Aunque en los últimos días los médicos le daban pocas opciones de recuperación, los que conocimos a Joaquín, y lo quisimos, nos aferramos al deseo de que no obstante sus casi nueve décadas de vida, se mantuviera con nosotros por algunos años más. Como siempre, venció esa ley inexorable y apegada a todos, pero que nadie, o casi nadie, acepta.
La pasada semana partió hacia otra dimensión Joaquín Hernández Izquierdo, quien por muchos años dirigió el departamento de Fotografía de nuestro periódico Trabajadores, y padre de dos excelentes artistas del lente: Tony y Joaquinito, este último hoy en el mismo cargo que por tanto tiempo ocupara su progenitor, lo que considero entre los más genuinos atributos del “puro”, pues por algo sus dos hijos lo siguieron a todas horas.
Dícese que la vida, ante la muerte, recuerda las virtudes por sobre todas las cosas. En el caso de Joaquín no es una alabanza inmerecida mencionar sus valores —que fueron muchos—, pues entre otros reunió la generosidad y modestia, la honestidad y bondad, la laboriosidad demostrada y la capacidad de aglutinar en su derredor a los más jóvenes.
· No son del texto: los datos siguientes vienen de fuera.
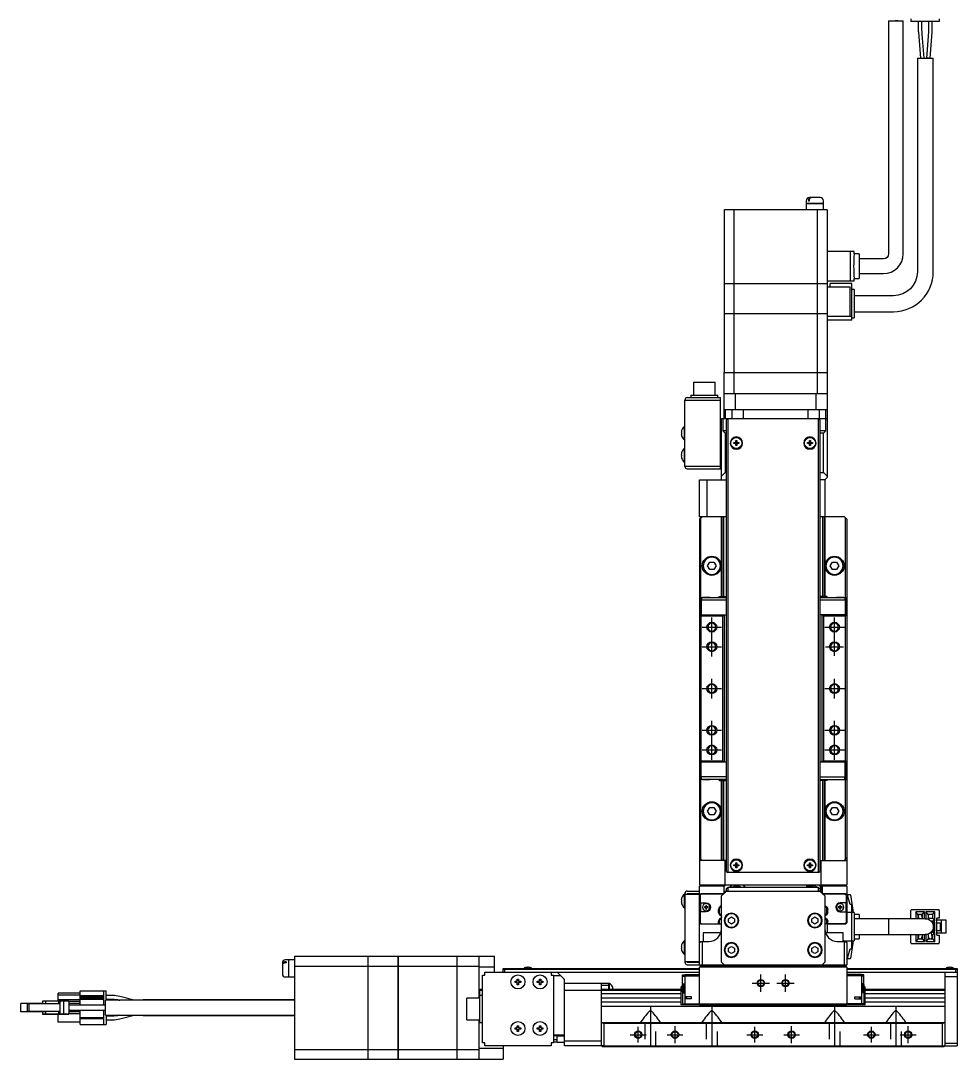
# Model space of a CAD drawing. Extents: x 0 to 1546, y -8 to 1243.
# Drawn here: x 388.6 to 770.2, y 399.4 to 822.4 of the extents above; entities that cross this region are included whole.
import ezdxf

# ---------------------------------------------------------------- set-up
doc = ezdxf.new("R2010")
doc.units = 0
doc.header["$LTSCALE"] = 0.5
doc.linetypes.add('CENTER', pattern=[50.8, 31.75, -6.35, 6.35, -6.35])
doc.linetypes.add('DASHED', pattern=[19.05, 12.7, -6.35])
for name, color, linetype in [('MSM_CENTER', 1, 'CENTER'), ('MSM_CONTINUOUS', 7, 'CONTINUOUS'), ('MSM_DASHED', 4, 'DASHED'), ('MSM_NARROW', 5, 'CONTINUOUS')]:
    doc.layers.add(name, color=color, linetype=linetype)

msp = doc.modelspace()

# ---------------------------------------------------------------- linework, layer by layer
at = {"layer": 'MSM_CENTER'}
for p, q in [((666.16, 575.42), (674.16, 575.42)), ((670.16, 563.42), (670.16, 579.42)), ((716.16, 575.42), (724.16, 575.42)), ((720.16, 563.77), (720.16, 579.42)), ((666.16, 567.42), (674.16, 567.42)), ((716.51, 567.42), (723.81, 567.42)), ((670.16, 546.42), (670.16, 554.42)), ((720.16, 546.42), (720.16, 554.42)), ((666.16, 550.42), (674.16, 550.42)), ((716.16, 550.42), (724.16, 550.42)), ((670.16, 521.42), (670.16, 537.42)), ((720.16, 521.42), (720.16, 537.42)), ((666.16, 533.42), (674.16, 533.42)), ((716.16, 533.42), (724.16, 533.42)), ((666.16, 525.42), (674.16, 525.42)), ((716.16, 525.42), (724.16, 525.42)), ((690.16, 426.92), (690.16, 433.92)), ((700.16, 426.92), (700.16, 433.92)), ((686.66, 430.42), (693.66, 430.42)), ((696.66, 430.42), (703.66, 430.42)), ((645.16, 420.92), (645.16, 402.42)), ((670.16, 420.92), (670.16, 402.42)), ((720.16, 420.92), (720.16, 402.42)), ((745.16, 420.92), (745.16, 402.42)), ((640.16, 406.19), (640.16, 412.65)), ((655.16, 405.92), (655.16, 412.92)), ((687.66, 406.19), (687.66, 412.65)), ((702.66, 405.92), (702.66, 412.92)), ((735.16, 406.19), (735.16, 412.65)), ((750.16, 405.92), (750.16, 412.92)), ((636.94, 409.42), (643.39, 409.42)), ((651.94, 409.42), (658.39, 409.42)), ((684.44, 409.42), (690.89, 409.42)), ((699.44, 409.42), (705.89, 409.42)), ((731.94, 409.42), (738.39, 409.42)), ((746.94, 409.42), (753.39, 409.42))]:
    msp.add_line(p, q, dxfattribs=at)
at = {"layer": 'MSM_CONTINUOUS', "linetype": 'CONTINUOUS'}
for p, q in [((742.16, 822.42), (748.16, 822.42)), ((742.16, 822.42), (742.16, 727.42)), ((746.01, 822.42), (745.02, 822.52)), ((748.16, 727.42), (748.16, 822.42)), ((751.26, 823.17), (751.26, 822.17)), ((762.86, 822.17), (751.26, 822.17)), ((754.29, 822.17), (754.29, 818.57)), ((755.79, 819.54), (755.79, 822.17)), ((758.49, 822.17), (758.49, 818.55)), ((759.99, 818.55), (759.99, 822.17)), ((762.86, 823.17), (762.86, 822.17)), ((754.32, 817.72), (755.16, 807.17)), ((755.89, 816.91), (755.79, 819.54)), ((756.66, 807.23), (755.89, 816.91)), ((758.46, 817.85), (757.67, 807.23)), ((759.17, 807.17), (759.96, 817.74)), ((753.91, 807.17), (760.41, 807.17)), ((753.91, 807.17), (753.91, 720.17)), ((758.41, 807.17), (757.67, 807.23)), ((757.67, 807.23), (757.69, 807.17)), ((760.41, 720.17), (760.41, 807.17)), ((675.16, 745.42), (675.16, 715.47)), ((717.16, 745.42), (675.16, 745.42)), ((679.19, 745.42), (679.19, 715.47)), ((708.66, 747.92), (708.66, 745.42)), ((713.14, 745.42), (713.14, 715.47)), ((717.16, 745.42), (717.16, 715.47)), ((728.16, 728.42), (717.16, 728.42)), ((726.73, 716.42), (726.73, 728.42)), ((728.16, 727.42), (728.16, 728.42)), ((730.16, 727.42), (728.16, 727.42)), ((730.16, 727.42), (730.16, 717.42)), ((740.16, 725.42), (730.16, 725.42)), ((730.16, 719.42), (740.16, 719.42)), ((675.16, 715.47), (717.16, 715.47)), ((675.16, 715.42), (675.16, 703.17)), ((675.16, 715.42), (717.16, 715.42)), ((675.21, 715.47), (675.21, 715.42)), ((679.19, 715.42), (679.19, 703.17)), ((679.45, 715.47), (679.45, 715.42)), ((712.88, 715.47), (712.88, 715.42)), ((713.14, 715.42), (713.14, 703.17)), ((717.11, 715.47), (717.11, 715.42)), ((728.16, 716.42), (717.16, 716.42)), ((717.16, 715.42), (717.16, 679.17)), ((718.36, 713.92), (718.36, 715.42)), ((727.16, 715.42), (718.36, 715.42)), ((727.16, 700.42), (727.16, 715.42)), ((728.16, 716.42), (728.16, 717.42)), ((728.16, 717.42), (730.16, 717.42)), ((726.56, 713.92), (717.16, 713.92)), ((726.56, 701.92), (726.56, 713.92)), ((728.16, 712.99), (727.16, 712.99)), ((728.16, 712.99), (728.16, 701.35)), ((744.16, 710.42), (728.16, 710.42)), ((675.16, 703.17), (717.16, 703.17)), ((675.16, 703.12), (675.16, 679.17)), ((675.16, 703.12), (717.16, 703.12)), ((675.21, 703.17), (675.21, 703.12)), ((679.19, 703.12), (679.19, 679.17)), ((679.45, 703.17), (679.45, 703.12)), ((712.88, 703.17), (712.88, 703.12)), ((713.14, 703.12), (713.14, 679.17)), ((717.11, 703.17), (717.11, 703.12)), ((728.16, 703.92), (744.16, 703.92)), ((727.16, 701.92), (717.16, 701.92)), ((727.16, 700.42), (717.16, 700.42)), ((727.16, 701.35), (728.16, 701.35)), ((675.16, 679.17), (717.16, 679.17)), ((675.16, 679.12), (717.16, 679.12)), ((675.16, 660.42), (675.16, 679.12)), ((675.21, 679.17), (675.21, 679.12)), ((679.19, 679.12), (679.19, 670.42)), ((679.45, 679.17), (679.45, 679.12)), ((712.88, 679.17), (712.88, 679.12)), ((713.14, 679.12), (713.14, 670.42)), ((717.11, 679.17), (717.11, 679.12)), ((717.16, 679.12), (717.16, 636.42)), ((662.74, 675.22), (671.59, 675.22)), ((662.74, 675.22), (662.74, 669.92)), ((671.59, 669.92), (671.59, 675.22)), ((660.16, 668.92), (673.66, 668.92)), ((661.66, 669.92), (672.66, 669.92)), ((661.66, 669.92), (661.66, 668.92)), ((672.66, 668.92), (672.66, 669.92)), ((673.66, 639.92), (673.66, 668.92)), ((717.16, 670.42), (675.16, 670.42)), ((679.66, 670.42), (679.66, 663.92)), ((712.66, 663.92), (712.66, 670.42)), ((659.16, 640.92), (659.16, 667.92)), ((659.16, 667.92), (673.66, 667.92)), ((673.66, 659.92), (674.16, 659.92)), ((674.16, 635.42), (674.16, 660.42)), ((674.16, 660.42), (717.16, 660.42)), ((674.66, 660.42), (674.66, 655.42)), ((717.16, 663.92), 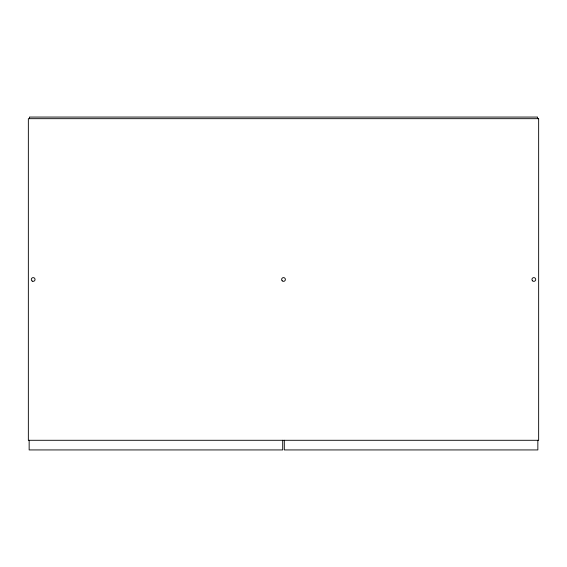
<?xml version="1.0" encoding="UTF-8"?>
<svg xmlns="http://www.w3.org/2000/svg" width="567" height="567" viewBox="0 0 567 567"><rect width="100%" height="100%" fill="white"/><g stroke="black" fill="none" stroke-linecap="round" stroke-linejoin="round"><path stroke-width="0.85" d="M537.849 440.29L537.849 449.936L284.301 449.936L284.301 440.29M537.58 118.673L537.58 117.064L29.42 117.064L29.42 118.673M282.699 440.29L282.699 449.936L29.151 449.936L29.151 440.29M538.65 118.673L28.35 118.673L28.35 440.29L538.65 440.29L538.65 118.673M282.175 280.807A1.878 1.878 0 0 0 285.314 279.963A1.878 1.878 0 0 0 283.011 277.667A1.878 1.878 0 0 0 282.175 280.807M532.498 280.807A1.878 1.878 0 0 0 535.638 279.963A1.878 1.878 0 0 0 533.341 277.667A1.878 1.878 0 0 0 532.498 280.807M32.234 281.104A1.878 1.878 0 0 0 35.048 279.481A1.878 1.878 0 0 0 32.234 277.858A1.878 1.878 0 0 0 32.234 281.104"/></g></svg>

Siempre he creído en lo mucho que llevan dentro de sí aquellos ¿viejos? con quienes los más bisoños desean compartir tiempo y alegrías. Con él, con Joaquín, los más jóvenes —Pepe, Malagón, Jesús Roberto y otros— gustábamos de alguna que otra escapada del ritmo un tanto febril de la actividad periodística.
Pierdo en mi memoria la última vez que lo vi, pero lo recuerdo camino a la agencia bancaria para cobrar su chequera, su jubilación. Contento, y aunque callado, habitualmente con una o varias frases halagadoras, nunca un regaño, sí una enseñanza. Así fue Joaquín, un hombre bueno.